### YOUR ASSIGNMENT
All that should be output is the block of lines below from the line with "floor to 8fcf583af9e58328_F0_dwelling_0" to the line with "wall to 8fcf583af9e58328_F2_dwelling_1", both included, exactly as written.

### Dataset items
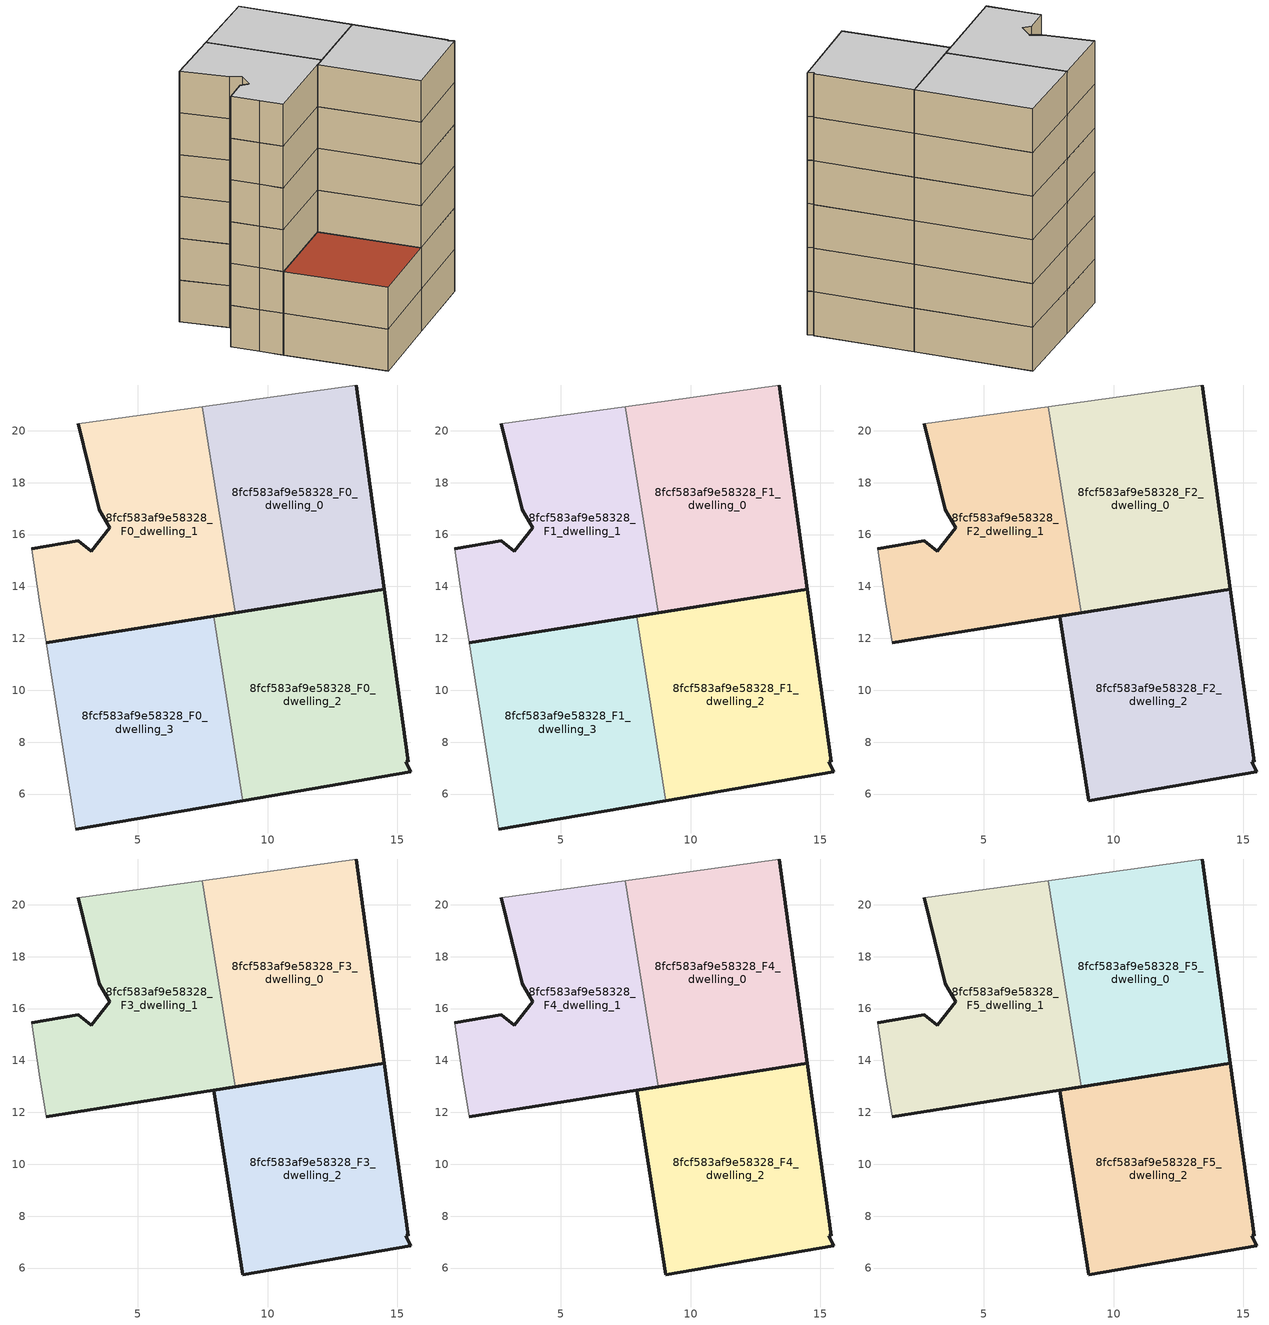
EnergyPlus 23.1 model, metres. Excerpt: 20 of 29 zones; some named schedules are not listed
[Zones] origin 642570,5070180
8fcf583af9e58328_F0_dwelling_0
 floor ground (EU_floor_Construction): 14.5,13.9 13.42,21.76 7.49,20.93 8.75,12.99 z0
 wall outside (EU_wall_Construction): 13.42,21.76 14.5,13.9 8.75,12.99 z0:3
 wall to 8fcf583af9e58328_F0_dwelling_1 (EU_wall_Construction): 8.75,12.99 7.49,20.93 z0:3
 wall adiabatic (EU_wall_Construction): 7.49,20.93 13.42,21.76 z0:3
8fcf583af9e58328_F0_dwelling_1
 floor ground (EU_floor_Construction): 8.75,12.99 7.49,20.93 2.71,20.26 3.51,16.96 3.91,16.26 3.21,15.36 2.71,15.76 0.91,15.46 1.21,13.46 1.47,11.83 z0
 wall outside (EU_wall_Construction): 8.75,12.99 1.47,11.83 / 0.91,15.46 2.71,15.76 3.21,15.36 3.91,16.26 3.51,16.96 2.71,20.26 z0:3
 wall adiabatic (EU_wall_Construction): 2.71,20.26 7.49,20.93 / 1.47,11.83 1.21,13.46 0.91,15.46 z0:3
8fcf583af9e58328_F0_dwelling_2
 floor ground (EU_floor_Construction): 15.52,6.85 15.32,7.25 15.42,7.25 14.5,13.9 7.92,12.86 9.04,5.75 z0
 wall outside (EU_wall_Construction): 7.92,12.86 14.5,13.9 15.42,7.25 15.32,7.25 15.52,6.85 9.04,5.75 z0:3
 wall to 8fcf583af9e58328_F0_dwelling_3 (EU_wall_Construction): 9.04,5.75 7.92,12.86 z0:3
8fcf583af9e58328_F0_dwelling_3
 floor ground (EU_floor_Construction): 9.04,5.75 7.92,12.86 1.47,11.83 2.61,4.65 z0
 wall outside (EU_wall_Construction): 1.47,11.83 7.92,12.86 / 9.04,5.75 2.61,4.65 z0:3
 wall adiabatic (EU_wall_Construction): 2.61,4.65 1.47,11.83 z0:3
8fcf583af9e58328_F1_dwelling_0
 floor to 8fcf583af9e58328_F0_dwelling_0 (EU_floor_Construction): 14.5,13.9 13.42,21.76 7.49,20.93 8.75,12.99 z3
 wall outside (EU_wall_Construction): 13.42,21.76 14.5,13.9 8.75,12.99 z3:6
 wall to 8fcf583af9e58328_F1_dwelling_1 (EU_wall_Construction): 8.75,12.99 7.49,20.93 z3:6
 wall adiabatic (EU_wall_Construction): 7.49,20.93 13.42,21.76 z3:6
8fcf583af9e58328_F1_dwelling_1
 floor to 8fcf583af9e58328_F0_dwelling_1 (EU_floor_Construction): 8.75,12.99 7.49,20.93 2.71,20.26 3.51,16.96 3.91,16.26 3.21,15.36 2.71,15.76 0.91,15.46 1.21,13.46 1.47,11.83 z3
 wall outside (EU_wall_Construction): 8.75,12.99 1.47,11.83 / 0.91,15.46 2.71,15.76 3.21,15.36 3.91,16.26 3.51,16.96 2.71,20.26 z3:6
 wall adiabatic (EU_wall_Construction): 2.71,20.26 7.49,20.93 / 1.47,11.83 1.21,13.46 0.91,15.46 z3:6
8fcf583af9e58328_F1_dwelling_2
 floor to 8fcf583af9e58328_F0_dwelling_2 (EU_floor_Construction): 15.52,6.85 15.32,7.25 15.42,7.25 14.5,13.9 7.92,12.86 9.04,5.75 z3
 wall outside (EU_wall_Construction): 7.92,12.86 14.5,13.9 15.42,7.25 15.32,7.25 15.52,6.85 9.04,5.75 z3:6
 wall to 8fcf583af9e58328_F1_dwelling_3 (EU_wall_Construction): 9.04,5.75 7.92,12.86 z3:6
8fcf583af9e58328_F1_dwelling_3
 floor to 8fcf583af9e58328_F0_dwelling_3 (EU_floor_Construction): 9.04,5.75 7.92,12.86 1.47,11.83 2.61,4.65 z3
 wall outside (EU_wall_Construction): 1.47,11.83 7.92,12.86 / 9.04,5.75 2.61,4.65 z3:6
 wall adiabatic (EU_wall_Construction): 2.61,4.65 1.47,11.83 z3:6
 roof outside (EU_roof_Construction): 7.92,12.86 9.04,5.75 2.61,4.65 1.47,11.83 z6
8fcf583af9e58328_F2_dwelling_0
 floor to 8fcf583af9e58328_F1_dwelling_0 (EU_floor_Construction): 14.5,13.9 13.42,21.76 7.49,20.93 8.75,12.99 z6
 wall outside (EU_wall_Construction): 13.42,21.76 14.5,13.9 8.75,12.99 z6:9
 wall to 8fcf583af9e58328_F2_dwelling_1 (EU_wall_Construction): 8.75,12.99 7.49,20.93 z6:9
 wall adiabatic (EU_wall_Construction): 7.49,20.93 13.42,21.76 z6:9
8fcf583af9e58328_F2_dwelling_1
 floor to 8fcf583af9e58328_F1_dwelling_1 (EU_floor_Construction): 8.75,12.99 7.49,20.93 2.71,20.26 3.51,16.96 3.91,16.26 3.21,15.36 2.71,15.76 0.91,15.46 1.21,13.46 1.47,11.83 z6
 wall outside (EU_wall_Construction): 8.75,12.99 1.47,11.83 / 0.91,15.46 2.71,15.76 3.21,15.36 3.91,16.26 3.51,16.96 2.71,20.26 z6:9
 wall adiabatic (EU_wall_Construction): 2.71,20.26 7.49,20.93 / 1.47,11.83 1.21,13.46 0.91,15.46 z6:9
8fcf583af9e58328_F2_dwelling_2
 floor to 8fcf583af9e58328_F1_dwelling_2 (EU_floor_Construction): 15.52,6.85 15.32,7.25 15.42,7.25 14.5,13.9 7.92,12.86 9.04,5.75 z6
 wall outside (EU_wall_Construction): 9.04,5.75 7.92,12.86 14.5,13.9 15.42,7.25 15.32,7.25 15.52,6.85 9.04,5.75 z6:9
8fcf583af9e58328_F3_dwelling_0
 floor to 8fcf583af9e58328_F2_dwelling_0 (EU_floor_Construction): 14.5,13.9 13.42,21.76 7.49,20.93 8.75,12.99 z9
 wall outside (EU_wall_Construction): 13.42,21.76 14.5,13.9 8.75,12.99 z9:12
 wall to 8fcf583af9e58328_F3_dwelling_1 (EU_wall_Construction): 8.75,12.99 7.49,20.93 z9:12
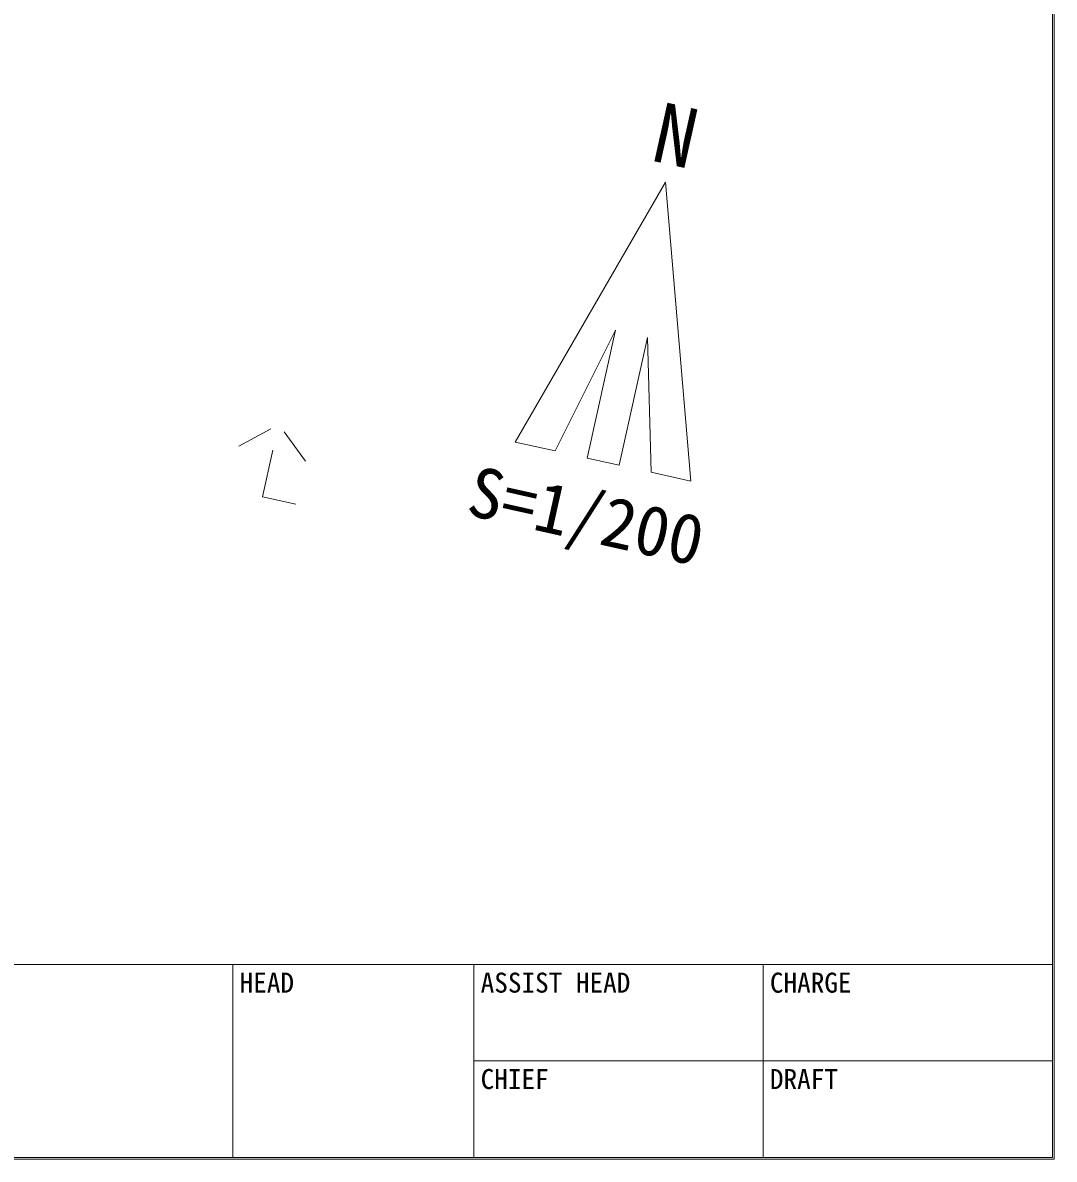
# Model space of a CAD drawing. Units: millimetres, scale not verified. Extents: x -56617 to 56645, y -39182 to 40051.
# Drawn here: x 41517 to 56645, y -39182 to -22510 of the extents above; entities that cross this region are included whole.
import ezdxf
from ezdxf.enums import TextEntityAlignment as Align

# ---------------------------------------------------------------- set-up
doc = ezdxf.new("R2010")
doc.units = ezdxf.units.MM
doc.header["$LTSCALE"] = 200
for name, color, linetype, lineweight in [('0-2_仕上', 4, 'Continuous', 9), ('3-F_太線', 3, 'Continuous', 18), ('F-0_F-0ﾚｲﾔ', 7, 'Continuous', 18)]:
    doc.layers.add(name, color=color, linetype=linetype, lineweight=lineweight)
doc.layers.add('3-9_ハッチ1', color=7, linetype='Continuous')
doc.styles.add('ＭＳ ゴシック', font='')
doc.styles.get('ＭＳ ゴシック').set_extended_font_data('MS Gothic')

msp = doc.modelspace()

# ---------------------------------------------------------------- linework, layer by layer
at = {"layer": '0-2_仕上'}
for p, q in [((45153.6, -28467.8), (44687, -28722.3)), ((45348.8, -28511.4), (45663, -28940.1)), ((45185.9, -28782.4), (45033.4, -29465.6)), ((45033.4, -29465.6), (45521.4, -29574.5))]:
    msp.add_line(p, q, dxfattribs=at)
at = {"layer": '3-F_太線'}
for p, q in [((48739.8, -28660.5), (50943.1, -24849)), ((50943.1, -24849), (51316.4, -29235.6)), ((49325.4, -28791.2), (50212.2, -27021.9)), ((50680.6, -27126.5), (50262.4, -29000.4)), ((50680.6, -27126.5), (50730.8, -29104.9)), ((48739.8, -28660.5), (49325.4, -28791.2)), ((50730.8, -29104.9), (51316.4, -29235.6))]:
    msp.add_line(p, q, dxfattribs=at)
msp.add_lwpolyline([(50212.2, -27021.9), (49793.9, -28895.8), (50262.4, -29000.4)], dxfattribs=at)
at = {"layer": 'F-0_F-0ﾚｲﾔ'}
for p, q in [((56616.6, 39125.4), (56616.6, -39153.7)), ((56644.8, 39153.7), (56644.8, -39181.9)), ((56616.6, -36325.7), (-56588.3, -36325.7)), ((44597.6, -36325.7), (44597.6, -39153.7)), ((48132.6, -36325.7), (48132.6, -39153.7)), ((52374.6, -36325.7), (52374.6, -39153.7)), ((48132.6, -37739.7), (56616.6, -37739.7)), ((-56588.3, -39153.7), (56616.6, -39153.7)), ((-56616.6, -39181.9), (56644.8, -39181.9))]:
    msp.add_line(p, q, dxfattribs=at)

# ---------------------------------------------------------------- texts
at = {"layer": '3-9_ハッチ1', "style": 'ＭＳ ゴシック'}
msp.add_text('S=1/200', height=733.1, rotation=347.417, dxfattribs=at).set_placement((47950.3, -29936.2), align=Align.BOTTOM_LEFT)
at = {"layer": '3-F_太線', "color": 2, "style": 'ＭＳ ゴシック'}
msp.add_text('N', height=879.8, rotation=347.417, dxfattribs=at).set_placement((50650.3, -24783.6), align=Align.BOTTOM_LEFT)
at = {"layer": 'F-0_F-0ﾚｲﾔ', "style": 'ＭＳ ゴシック'}
for s, p in [('HEAD', (44697.6, -36825.7)), ('ASSIST HEAD', (48232.6, -36825.7)), ('CHARGE', (52474.6, -36825.7)), ('CHIEF', (48232.6, -38239.7)), ('DRAFT', (52474.6, -38239.7))]:
    msp.add_text(s, height=293.3, dxfattribs=at).set_placement(p, align=Align.BOTTOM_LEFT)

doc.saveas('drawing.dxf')
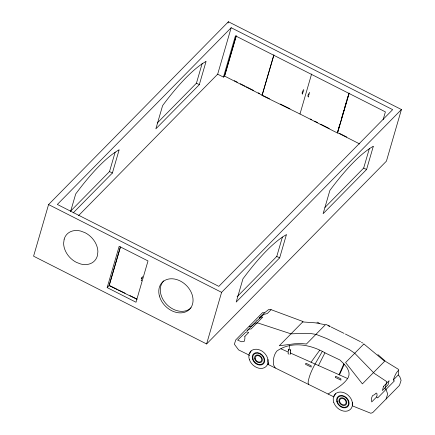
<?xml version="1.0" encoding="UTF-8"?>
<svg xmlns="http://www.w3.org/2000/svg" width="435" height="435" viewBox="0 0 435 435"><rect width="100%" height="100%" fill="white"/><g stroke="black" fill="none" stroke-linecap="round" stroke-linejoin="round"><path stroke-width="0.65" d="M267.938 359.479L267.862 361.844L268.406 362.969L267.944 364.378L333.971 396.937M352.323 402.288L352.247 404.653L352.72 405.985M288.139 352.459L288.101 353.66L289.047 354.204M289.15 349.707L289.411 345.694M290.602 351.007L290.716 349.593L290.248 354.318M288.215 351.437L288.427 349.724M393.349 379.951L398.248 374.97L398.732 370.087C395.953 372.675 394.436 376.384 393.349 379.951L394.387 380.913L377.672 397.911L376.628 396.948L377.091 395.241L376.824 393.311L376.117 393.082L374.546 394.675L372.529 395.594L371.283 398.732L371.729 401.929L376.628 396.948M309.524 92.998L309.307 92.878M302.026 93.128L302.869 90.692M288.84 350.202L288.938 349.62M303.913 90.143C302.749 89.344 304.201 90.491 303.625 89.985M288.764 350.11L288.894 349.555M142.832 276.377L142.609 276.263M307.86 95.678L308.66 93.574M302.711 93.003L303.461 90.98M141.25 278.982L141.799 277.356M48.573 204.564L33.577 256.188L206.598 343.965L386.427 161.151L401.423 109.528L228.402 21.75L48.573 204.564L221.6 292.342L401.423 109.528M70.628 211.394L75.69 193.972A159.585 39.101 -63.1 0 1 119.152 149.787L112.399 173.021L73.194 212.878M70.785 210.937L109.517 171.559L115.144 152.196M107.168 287.6L119.168 246.302L148.003 260.929L136.003 302.233L107.168 287.6L109.31 285.425M137.074 299.356L109.125 285.621L120.375 246.901M109.125 285.621L120.359 247.363M157.225 123.056L196.435 83.199L202.248 63.195M199.317 84.662L206.065 61.427A159.585 39.101 -63.1 0 0 162.608 105.607L155.86 128.842L199.317 84.662L196.435 83.199M228.027 23.039L228.402 21.75M78.605 215.564L217.674 74.184L231.17 27.72L392.664 109.647L218.827 286.371L57.338 204.445L231.17 27.72M217.674 74.184L223.438 77.109L235.438 35.811L385.394 111.882L383.143 119.63M236.113 36.034L224.487 76.043L262.267 95.211L262.49 94.982M224.9 75.173L236.335 35.806M349.131 93.427L337.468 133.018L299.981 113.997L262.049 95.444L273.865 54.788M273.892 55.201L262.049 95.444M206.598 343.965L221.6 292.342M299.981 113.997L311.601 73.988M237.097 296.746L276.774 256.411L282.397 237.048M279.656 257.873L286.409 234.639A159.585 39.101 -63.1 0 0 246.993 273.463L242.947 278.819L236.2 302.053L279.656 257.873L276.774 256.411M337.777 131.354L338.343 129.418M338.718 128.124L339.653 124.899M341.714 117.798L342.28 115.862M342.655 114.574L343.965 110.055M344.716 107.478L345.281 105.542M345.656 104.248L346.592 101.023M346.967 99.729L347.902 96.505M337.468 133.018L349.093 93.008M324.956 207.424L363.693 168.046L369.315 148.688M366.574 169.509L373.322 146.28A159.585 39.101 -63.1 0 0 329.866 190.459L323.118 213.694L366.574 169.509L363.693 168.046M302.205 93.715L302.624 94.123L302.537 93.596M141.832 278.77L141.951 278.389M386.09 399.009L387.677 393.963L386.03 389.412L384.986 388.45L386.829 381.691L374.279 373.382L354.732 353.247L349.648 349.751L326.908 338.642L316.229 334.444L311.629 333.688L305.006 333.302L290.993 333.852L257.993 323.009L255.296 323.102L251.033 326.522L249.184 326.245M308.573 95.531L309.247 93.868M249.728 353.497L251.109 350.942M334.113 396.307L335.494 393.751M142.098 277.981L142.441 277.166M339.501 374.905L344.221 364.269M339.028 374.687L343.873 363.85L339.947 360.001L325.685 353.204C311.079 344.585 291.624 340.665 276.85 351.061C273.718 354.802 273.071 359.952 273.403 364.655L275.263 367.988M318.474 365.53L324.918 352.861M322.286 351.589L321.748 352.388C316.511 361.974 309.905 371.234 308.094 382.256L308.567 384.409M311.052 362.224L319.649 350.316M343.873 363.85L347.032 367.657L347.777 369.217A8.455 7.814 64.6 0 1 347.641 378.532C342.693 385.611 334.923 389.238 328.126 394.056M223.438 77.109L224.716 75.815M337.631 132.414L337.402 132.642L359.778 143.99M271.114 309.671L268.618 309.557L264.453 312.879L259.113 318.306L263.844 314.407L267.308 313.543L271.114 309.671L303.086 321.557M267.944 364.378L268.765 363.54M316.952 322.221L318.371 322.34M318.686 322.868L319.306 323.319M264.453 312.879L262.604 312.607L235.765 339.887L234.362 344.221L238.597 349.909L249.75 355.406M325.761 324.363L330.393 326.375M328.028 325.739L329.85 326.435M353.149 406.165L370.789 413.25L372.675 412.646L399.509 385.366L401.092 380.326L399.743 376.596L398.248 374.97M280.983 348.821L288.361 352.111M290.205 352.932L347.641 378.532M331.182 327.044L344.074 333.389M262.87 95.504L269.493 98.745M280.325 104.047L289.96 108.761M109.294 285.436L117.194 289.318M118.407 289.917L125.095 293.201M129.951 295.588L136.639 298.872M345.401 334.047L360.446 341.687M309.715 93.025L309.399 92.791M339.441 133.333L346.7 137.014M310.481 118.983L311.694 119.598M314.717 121.131L317.74 122.665M320.764 124.198L329.23 128.494M234.307 80.682L237.309 82.204M240.305 83.727L245.101 86.157M246.302 86.766L253.496 90.42M258.292 92.851L259.494 93.46M109.517 171.559L112.399 173.021M398.775 369.543L385.872 361.599L377.863 354.596M361.507 342.291L362.6 342.987M191.085 307.752A19.178 14.725 44.5 0 1 167.089 304.794A19.178 14.725 44.5 0 1 163.745 280.847M244.878 336.342L244.867 338.919L244.106 341.546L241.517 341.747L237.619 340.159L245.188 332.818L246.743 331.791L248.684 332.476L244.878 336.342M141.239 280.086L141.723 280.189L141.239 280.086M64.173 239.136L63.624 243.263A19.178 14.725 44.5 0 0 76.44 262.387L80.883 264.061A19.178 14.725 44.5 0 0 97.337 255.959L97.886 251.832A19.178 14.725 44.5 0 0 85.064 232.703L80.627 231.034A19.178 14.725 44.5 0 0 64.173 239.136M383.512 386.4L382.392 390.532L388.004 384.823L389.129 380.696L383.512 386.4M308.013 96.603L308.589 96.896L308.013 96.603M305.762 363.785L305.544 364.329L311.204 367.091L311.161 365.781L306.447 363.475L305.762 363.785M335.477 376.824L335.26 377.368L340.92 380.13L340.882 378.82L336.168 376.514L335.477 376.824M256.824 320.818L246.95 330.856L249.434 329.061L251.082 328.969L262.74 317.12L261.158 317.142L256.824 320.818M302.706 321.943L279.281 345.76L294.707 343.775L301.879 343.601L306.419 344.031L325.38 324.749L315.304 322.83L302.706 321.943M363.872 343.96L345.597 362.54L362.382 383.882L384.649 361.251L363.872 343.96M159.4 295.958A19.178 14.725 44.5 0 0 188.121 310.53A19.178 14.725 44.5 0 0 180.231 280.983A19.178 14.725 44.5 0 0 159.4 295.958M249.385 359.636A10.799 8.292 44.5 0 0 265.828 366.732A10.799 8.292 44.5 0 0 260.195 350.148A10.799 8.292 44.5 0 0 249.385 359.636M333.77 402.44A10.799 8.292 44.5 0 0 350.213 409.542A10.799 8.292 44.5 0 0 344.58 392.957A10.799 8.292 44.5 0 0 333.77 402.44M336.81 401.695A7.02 5.389 44.5 0 0 347.32 407.029A7.02 5.389 44.5 0 0 344.433 396.22A7.02 5.389 44.5 0 0 336.81 401.695M337.321 401.695A6.422 4.932 44.5 0 0 346.94 406.573A6.422 4.932 44.5 0 0 344.297 396.676A6.422 4.932 44.5 0 0 337.321 401.695M339.066 401.679A4.399 3.377 44.5 0 0 345.651 405.023A4.399 3.377 44.5 0 0 343.846 398.242A4.399 3.377 44.5 0 0 339.066 401.679M339.713 401.674A3.649 2.8 44.5 0 0 345.172 404.447A3.649 2.8 44.5 0 0 343.672 398.824A3.649 2.8 44.5 0 0 339.713 401.674M252.425 358.891A7.02 5.389 44.5 0 0 262.936 364.22A7.02 5.389 44.5 0 0 260.048 353.41A7.02 5.389 44.5 0 0 252.425 358.891M252.936 358.886A6.422 4.932 44.5 0 0 262.555 363.763A6.422 4.932 44.5 0 0 259.912 353.867A6.422 4.932 44.5 0 0 252.936 358.886M254.682 358.87A4.399 3.377 44.5 0 0 261.266 362.214A4.399 3.377 44.5 0 0 259.456 355.433A4.399 3.377 44.5 0 0 254.682 358.87M255.329 358.864A3.649 2.8 44.5 0 0 260.788 361.637A3.649 2.8 44.5 0 0 259.287 356.015A3.649 2.8 44.5 0 0 255.329 358.864"/></g></svg>

### RESULT OF THE EXERCISE
 floor to 8fcf583af9e58328_F0_dwelling_0 (EU_floor_Construction): 14.5,13.9 13.42,21.76 7.49,20.93 8.75,12.99 z3
 wall outside (EU_wall_Construction): 13.42,21.76 14.5,13.9 8.75,12.99 z3:6
 wall to 8fcf583af9e58328_F1_dwelling_1 (EU_wall_Construction): 8.75,12.99 7.49,20.93 z3:6
 wall adiabatic (EU_wall_Construction): 7.49,20.93 13.42,21.76 z3:6
8fcf583af9e58328_F1_dwelling_1
 floor to 8fcf583af9e58328_F0_dwelling_1 (EU_floor_Construction): 8.75,12.99 7.49,20.93 2.71,20.26 3.51,16.96 3.91,16.26 3.21,15.36 2.71,15.76 0.91,15.46 1.21,13.46 1.47,11.83 z3
 wall outside (EU_wall_Construction): 8.75,12.99 1.47,11.83 / 0.91,15.46 2.71,15.76 3.21,15.36 3.91,16.26 3.51,16.96 2.71,20.26 z3:6
 wall adiabatic (EU_wall_Construction): 2.71,20.26 7.49,20.93 / 1.47,11.83 1.21,13.46 0.91,15.46 z3:6
8fcf583af9e58328_F1_dwelling_2
 floor to 8fcf583af9e58328_F0_dwelling_2 (EU_floor_Construction): 15.52,6.85 15.32,7.25 15.42,7.25 14.5,13.9 7.92,12.86 9.04,5.75 z3
 wall outside (EU_wall_Construction): 7.92,12.86 14.5,13.9 15.42,7.25 15.32,7.25 15.52,6.85 9.04,5.75 z3:6
 wall to 8fcf583af9e58328_F1_dwelling_3 (EU_wall_Construction): 9.04,5.75 7.92,12.86 z3:6
8fcf583af9e58328_F1_dwelling_3
 floor to 8fcf583af9e58328_F0_dwelling_3 (EU_floor_Construction): 9.04,5.75 7.92,12.86 1.47,11.83 2.61,4.65 z3
 wall outside (EU_wall_Construction): 1.47,11.83 7.92,12.86 / 9.04,5.75 2.61,4.65 z3:6
 wall adiabatic (EU_wall_Construction): 2.61,4.65 1.47,11.83 z3:6
 roof outside (EU_roof_Construction): 7.92,12.86 9.04,5.75 2.61,4.65 1.47,11.83 z6
8fcf583af9e58328_F2_dwelling_0
 floor to 8fcf583af9e58328_F1_dwelling_0 (EU_floor_Construction): 14.5,13.9 13.42,21.76 7.49,20.93 8.75,12.99 z6
 wall outside (EU_wall_Construction): 13.42,21.76 14.5,13.9 8.75,12.99 z6:9
 wall to 8fcf583af9e58328_F2_dwelling_1 (EU_wall_Construction): 8.75,12.99 7.49,20.93 z6:9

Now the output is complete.